Exercise: Examine each line of the data. Copy the line if it includes the word "Diode".

Stored dataset items
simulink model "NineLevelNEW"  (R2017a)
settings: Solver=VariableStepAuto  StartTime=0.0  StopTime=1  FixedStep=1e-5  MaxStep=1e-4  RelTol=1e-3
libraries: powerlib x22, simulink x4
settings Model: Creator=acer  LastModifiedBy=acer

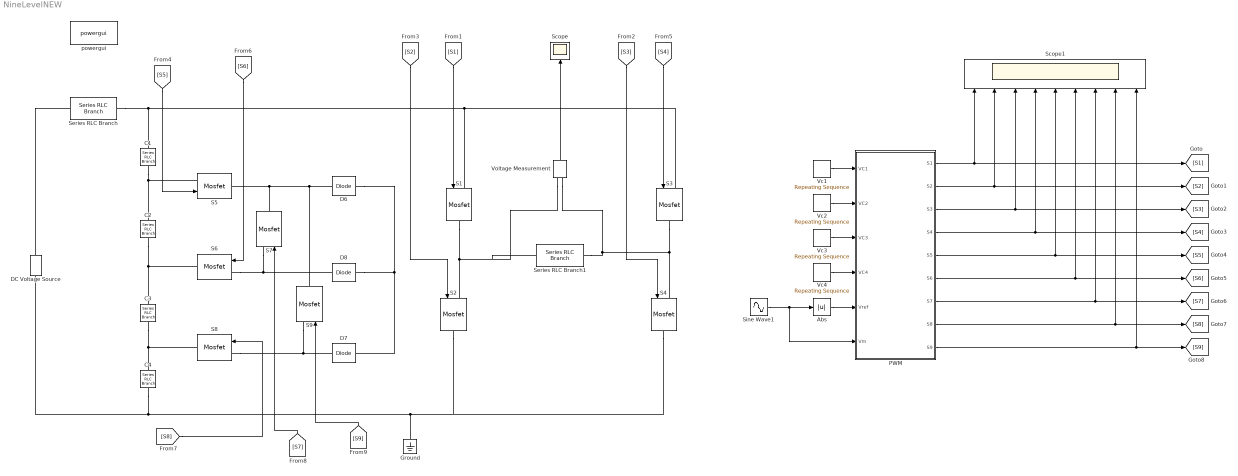
== system NineLevelNEW ==
  Abs : Abs
  C{1..4} (4 alike) : powerlib/Elements/Series RLC Branch  LConnTagsString=__new0  RConnTagsString=__new0  BranchType=C  Resistance=100  Inductance=1e-3  SetiL0=off  InitialCurrent=0  Capacitance=2  Setx0=off  InitialVoltage=0  Measurements=None
  D6 : powerlib/Power Electronics/Diode  Ron=0.001  Lon=0  Vf=.05  IC=0  UseSnubber=off  Rs=500  Cs=250e-9  Measurements=off
  D7 : powerlib/Power Electronics/Diode  Ron=0.001  Lon=0  Vf=.05  IC=0  UseSnubber=off  Rs=500  Cs=250e-9  Measurements=off
  D8 : powerlib/Power Electronics/Diode  Ron=0.001  Lon=0  Vf=.05  IC=0  UseSnubber=off  Rs=500  Cs=250e-9  Measurements=off
  DC Voltage Source : powerlib/Electrical Sources/DC Voltage Source  Amplitude=20  Measurements=None
  Ground : powerlib/Elements/Ground  LConnTagsString=a
  PWM : Subsystem
  S{1..9} (9 alike) : powerlib/Power Electronics/Mosfet  Ron=0.1  Lon=0  Rd=0.01  Vfd=0  IC=0  Rs=1e5  Cs=inf  Measurements=off
  Scope : Scope
  Scope1 : Scope  NumInputPorts=9
  Series RLC Branch : powerlib/Elements/Series RLC Branch  LConnTagsString=__new0  RConnTagsString=__new0  BranchType=R  Resistance=1e-10  Inductance=1e-3  SetiL0=off  InitialCurrent=0  Capacitance=1e-6  Setx0=off  InitialVoltage=0  Measurements=None
  Series RLC Branch1 : powerlib/Elements/Series RLC Branch  LConnTagsString=__new0  RConnTagsString=__new0  BranchType=R  Resistance=20  Inductance=1e-3  SetiL0=off  InitialCurrent=0  Capacitance=1e-6  Setx0=off  InitialVoltage=0  Measurements=None
  Sine Wave1 : Sin  Amplitude=4  Frequency=2*pi*50  SampleTime=0  VectorParams1D=off
  Vc1 : simulink/Sources/Repeating Sequence  rep_seq_t="[0  1e-4 2e-4]"  rep_seq_y=[0 1 0]
  Vc2 : simulink/Sources/Repeating Sequence  rep_seq_t="[0  1e-4 2e-4]"  rep_seq_y=[1 2 1]
  Vc3 : simulink/Sources/Repeating Sequence  rep_seq_t="[0  1e-4 2e-4]"  rep_seq_y=[2 3 2]
  Vc4 : simulink/Sources/Repeating Sequence  rep_seq_t="[0  1e-4 2e-4]"  rep_seq_y=[3 4 3]
  Voltage Measurement : powerlib/Measurements/Voltage Measurement  PhasorSimulation=off  OutputType=Complex  PSBequivalent=0
  powergui : powerlib/powergui  Priority=1  SimulationMode=Continuous  SampleTime=50e-6  frequency=60  Iterations=50  frequencyindice=0  Pbase=100e6  ErrMax=1e-4  UnitsV=kV  UnitsW=MW  buscounter=0  FunctionMessages=off  echomessages=off  EnableUseOfTLC=off  CurrentSourceSwitches=off  DisableSnubberDevices=off  DisableRonSwitches=off  DisableVfSwitches=off  DisplayEquations=off  SolverType=Tustin/Backward Euler (TBE)  Interpol=off  ExternalGateDelay=off  methode=off  Ts=100  x0status=blocks  SPID=on  SwTol=0  HookPort=off  RestoreLinks=warning  ResistiveCurrentMeasurement=off  Frange=[0:2:500]  Ylog=off  Xlog=on  ShowGrid=off  save=off  variable=ZData  structure=0  ZoomFFT=off  StartTime=0.0  cycles=1  DisplayStyle=1  fundamental=60  FreqAxis=off  MaxFrequency=1000  frequencyindicesteady=1  RmsSteady=1  display=off
  wires:
  [S4] -> S3/1
  [S3] -> S4/1
  [S1] -> S1/1
  [S2] -> S2/1
  [S5] -> S5/1
  [S6] -> S6/1
  [S8] -> S8/1
  [S7] -> S7/1
  [S9] -> S9/1
  PWM/8(S8) -> Scope1/8, [S8]
  PWM/9(S9) -> Scope1/9, [S9]
  PWM/2(S2) -> Scope1/2, [S2]
  PWM/5(S5) -> Scope1/5, [S5]
  PWM/4(S4) -> Scope1/4, [S4]
  Vc4/1 -> PWM/4(VC4)
  Vc3/1 -> PWM/3(VC3)
  Vc2/1 -> PWM/2(VC2)
  Sine Wave1/1 -> PWM/6(Vm), Abs/1
  PWM/3(S3) -> Scope1/3, [S3]
  Abs/1 -> PWM/5(Vref)
  PWM/7(S7) -> Scope1/7, [S7]
  Vc1/1 -> PWM/1(VC1)
  PWM/1(S1) -> Scope1/1, [S1]
  PWM/6(S6) -> Scope1/6, [S6]
  Voltage Measurement/1 -> Scope/1
  connections:
  Series RLC Branch/RConn1 -- C1/LConn1 -- S1/LConn1 -- S3/LConn1
  Series RLC Branch1/RConn1 -- Voltage Measurement/LConn2 -- S4/LConn1 -- S3/RConn1
  S2/RConn1 -- S4/RConn1 -- C4/RConn1 -- DC Voltage Source/LConn1 -- Ground/LConn1
  S1/RConn1 -- Voltage Measurement/LConn1 -- Series RLC Branch1/LConn1 -- S2/LConn1
  Series RLC Branch/LConn1 -- DC Voltage Source/RConn1
  C1/RConn1 -- S5/LConn1 -- C2/LConn1
  C2/RConn1 -- S6/RConn1 -- C3/LConn1
  C3/RConn1 -- S8/RConn1 -- C4/LConn1
  D6/LConn1 -- S9/RConn1 -- S7/RConn1 -- S5/RConn1
  S8/LConn1 -- S9/LConn1 -- D7/RConn1
  D6/RConn1 -- D8/LConn1 -- D7/LConn1
  S6/LConn1 -- S7/LConn1 -- D8/RConn1

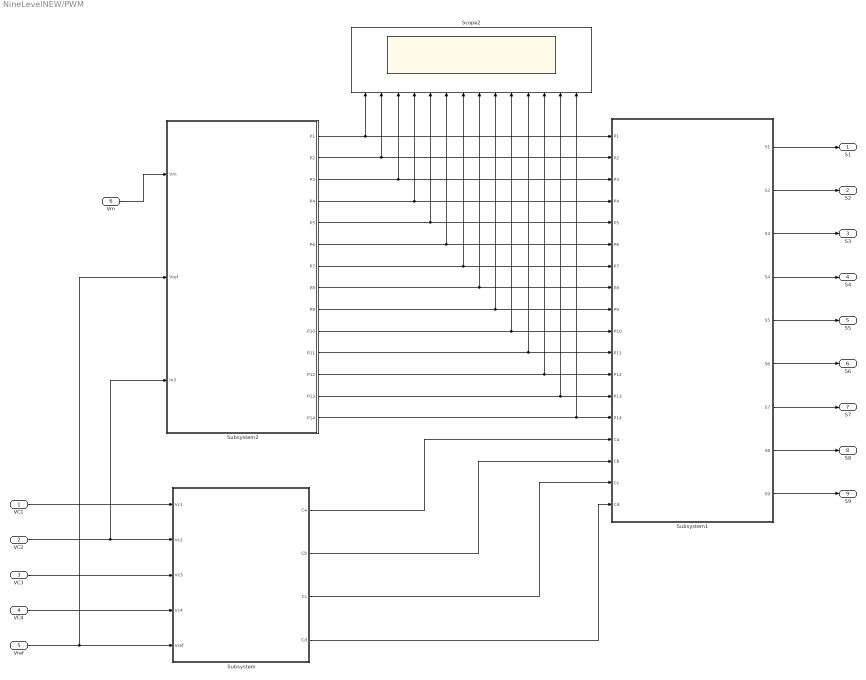
== system NineLevelNEW/PWM ==
  VC1 : Inport
  VC2 : Inport  Port=2
  VC3 : Inport  Port=3
  VC4 : Inport  Port=4
  Vref : Inport  Port=5
  Vm : Inport  Port=6
  Scope2 : Scope  NumInputPorts=14
  Subsystem : Subsystem
  Subsystem1 : Subsystem
  Subsystem2 : Subsystem
  S1 : Outport
  S2 : Outport  Port=2
  S3 : Outport  Port=3
  S4 : Outport  Port=4
  S5 : Outport  Port=5
  S6 : Outport  Port=6
  S7 : Outport  Port=7
  S8 : Outport  Port=8
  S9 : Outport  Port=9
  wires:
  Subsystem/1(Ca) -> Subsystem1/15(Ca)
  Subsystem/3(Cc) -> Subsystem1/17(Cc)
  Subsystem1/1(S1) -> S1/1
  Subsystem1/6(S6) -> S6/1
  Subsystem1/2(S2) -> S2/1
  VC1/1 -> Subsystem/1(Vc1)
  VC3/1 -> Subsystem/3(Vc3)
  Subsystem1/9(S9) -> S9/1
  Subsystem/4(Cd) -> Subsystem1/18(Cd)
  VC4/1 -> Subsystem/4(Vc4)
  Subsystem1/5(S5) -> S5/1
  Subsystem1/3(S3) -> S3/1
  VC2/1 -> Subsystem2/3(In3), Subsystem/2(Vc2)
  Subsystem1/4(S4) -> S4/1
  Subsystem/2(Cb) -> Subsystem1/16(Cb)
  Subsystem1/8(S8) -> S8/1
  Subsystem1/7(S7) -> S7/1
  Subsystem2/14(P14) -> Scope2/14, Subsystem1/14(P14)
  Subsystem2/12(P12) -> Scope2/12, Subsystem1/12(P12)
  Subsystem2/8(P8) -> Scope2/8, Subsystem1/8(P8)
  Subsystem2/7(P7) -> Scope2/7, Subsystem1/7(P7)
  Subsystem2/2(P2) -> Scope2/2, Subsystem1/2(P2)
  Subsystem2/6(P6) -> Scope2/6, Subsystem1/6(P6)
  Subsystem2/11(P11) -> Scope2/11, Subsystem1/11(P11)
  Subsystem2/1(P1) -> Scope2/1, Subsystem1/1(P1)
  Subsystem2/10(P10) -> Scope2/10, Subsystem1/10(P10)
  Subsystem2/4(P4) -> Scope2/4, Subsystem1/4(P4)
  Subsystem2/3(P3) -> Scope2/3, Subsystem1/3(P3)
  Subsystem2/9(P9) -> Scope2/9, Subsystem1/9(P9)
  Subsystem2/13(P13) -> Scope2/13, Subsystem1/13(P13)
  Subsystem2/5(P5) -> Scope2/5, Subsystem1/5(P5)
  Vm/1 -> Subsystem2/1(Vm)
  Vref/1 -> Subsystem2/2(Vref), Subsystem/5("Vref ")

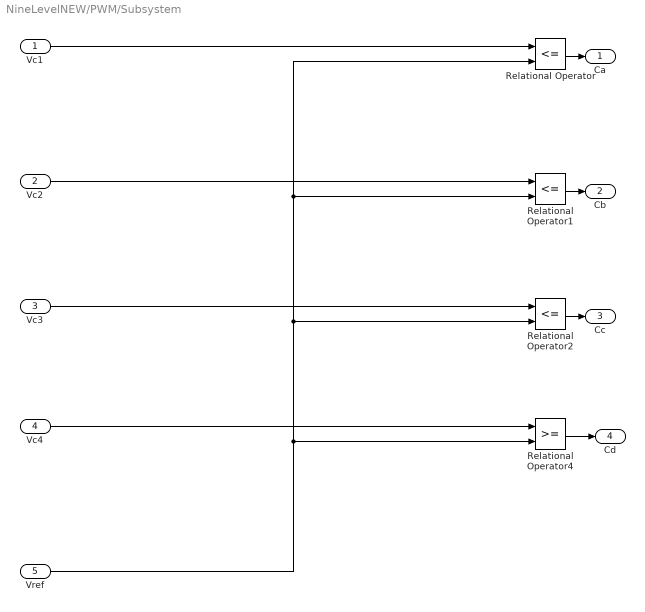
== system NineLevelNEW/PWM/Subsystem ==
  Vc1 : Inport
  Vc2 : Inport  Port=2
  Vc3 : Inport  Port=3
  Vc4 : Inport  Port=4
  "Vref " : Inport  Port=5
  Relational Operator : RelationalOperator  Operator=<=  OutDataTypeStr=boolean  RndMeth=Simplest
  Relational Operator1 : RelationalOperator  Operator=<=  OutDataTypeStr=boolean  RndMeth=Simplest
  Relational Operator2 : RelationalOperator  Operator=<=  OutDataTypeStr=boolean  RndMeth=Simplest
  Relational Operator4 : RelationalOperator  OutDataTypeStr=boolean  RndMeth=Simplest
  Ca : Outport
  Cb : Outport  Port=2
  Cc : Outport  Port=3
  Cd : Outport  Port=4
  wires:
  Vc2/1 -> Relational Operator1/1
  Vc3/1 -> Relational Operator2/1
  Relational Operator/1 -> Ca/1
  Relational Operator2/1 -> Cc/1
  Relational Operator1/1 -> Cb/1
  Vc1/1 -> Relational Operator/1
  "Vref "/1 -> Relational Operator4/2, Relational Operator2/2, Relational Operator/2, Relational Operator1/2
  Relational Operator4/1 -> Cd/1
  Vc4/1 -> Relational Operator4/1

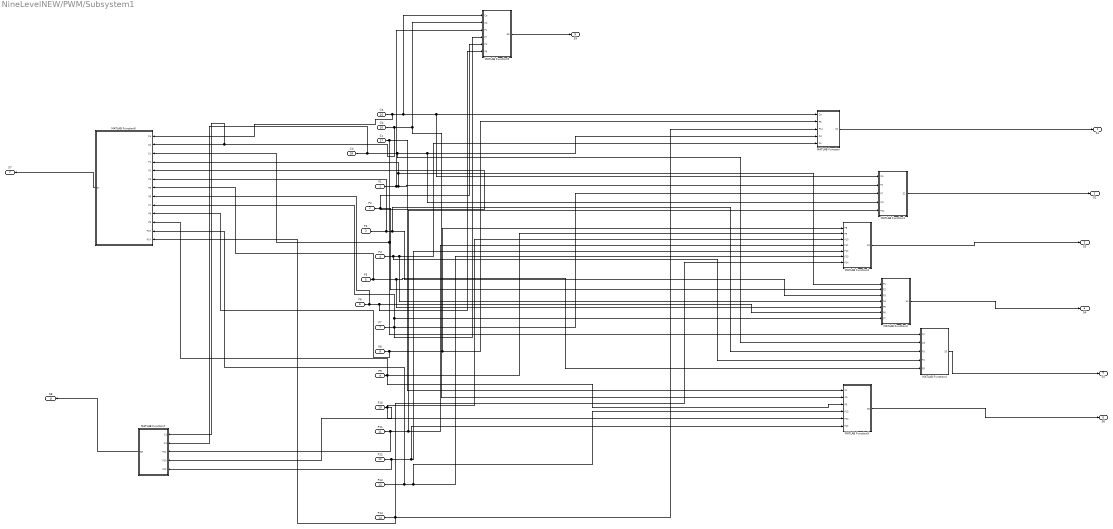
== system NineLevelNEW/PWM/Subsystem1 ==
  P1 : Inport
  P2 : Inport  Port=2
  P3 : Inport  Port=3
  P4 : Inport  Port=4
  P5 : Inport  Port=5
  P6 : Inport  Port=6
  P7 : Inport  Port=7
  P8 : Inport  Port=8
  P9 : Inport  Port=9
  P10 : Inport  Port=10
  P11 : Inport  Port=11
  P12 : Inport  Port=12
  P13 : Inport  Port=13
  P14 : Inport  Port=14
  Ca : Inport  Port=15
  Cb : Inport  Port=16
  Cc : Inport  Port=17
  Cd : Inport  Port=18
  MATLAB Function : MATLAB Function  TreatAsAtomicUnit=on
  MATLAB Function1 : MATLAB Function  TreatAsAtomicUnit=on
  MATLAB Function2 : MATLAB Function  TreatAsAtomicUnit=on
  MATLAB Function3 : MATLAB Function  TreatAsAtomicUnit=on
  MATLAB Function4 : MATLAB Function  TreatAsAtomicUnit=on
  MATLAB Function5 : MATLAB Function  TreatAsAtomicUnit=on
  MATLAB Function6 : MATLAB Function  TreatAsAtomicUnit=on
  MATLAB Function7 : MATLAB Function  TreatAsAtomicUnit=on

Solution for this task:
  D6 : powerlib/Power Electronics/Diode  Ron=0.001  Lon=0  Vf=.05  IC=0  UseSnubber=off  Rs=500  Cs=250e-9  Measurements=off
  D7 : powerlib/Power Electronics/Diode  Ron=0.001  Lon=0  Vf=.05  IC=0  UseSnubber=off  Rs=500  Cs=250e-9  Measurements=off
  D8 : powerlib/Power Electronics/Diode  Ron=0.001  Lon=0  Vf=.05  IC=0  UseSnubber=off  Rs=500  Cs=250e-9  Measurements=off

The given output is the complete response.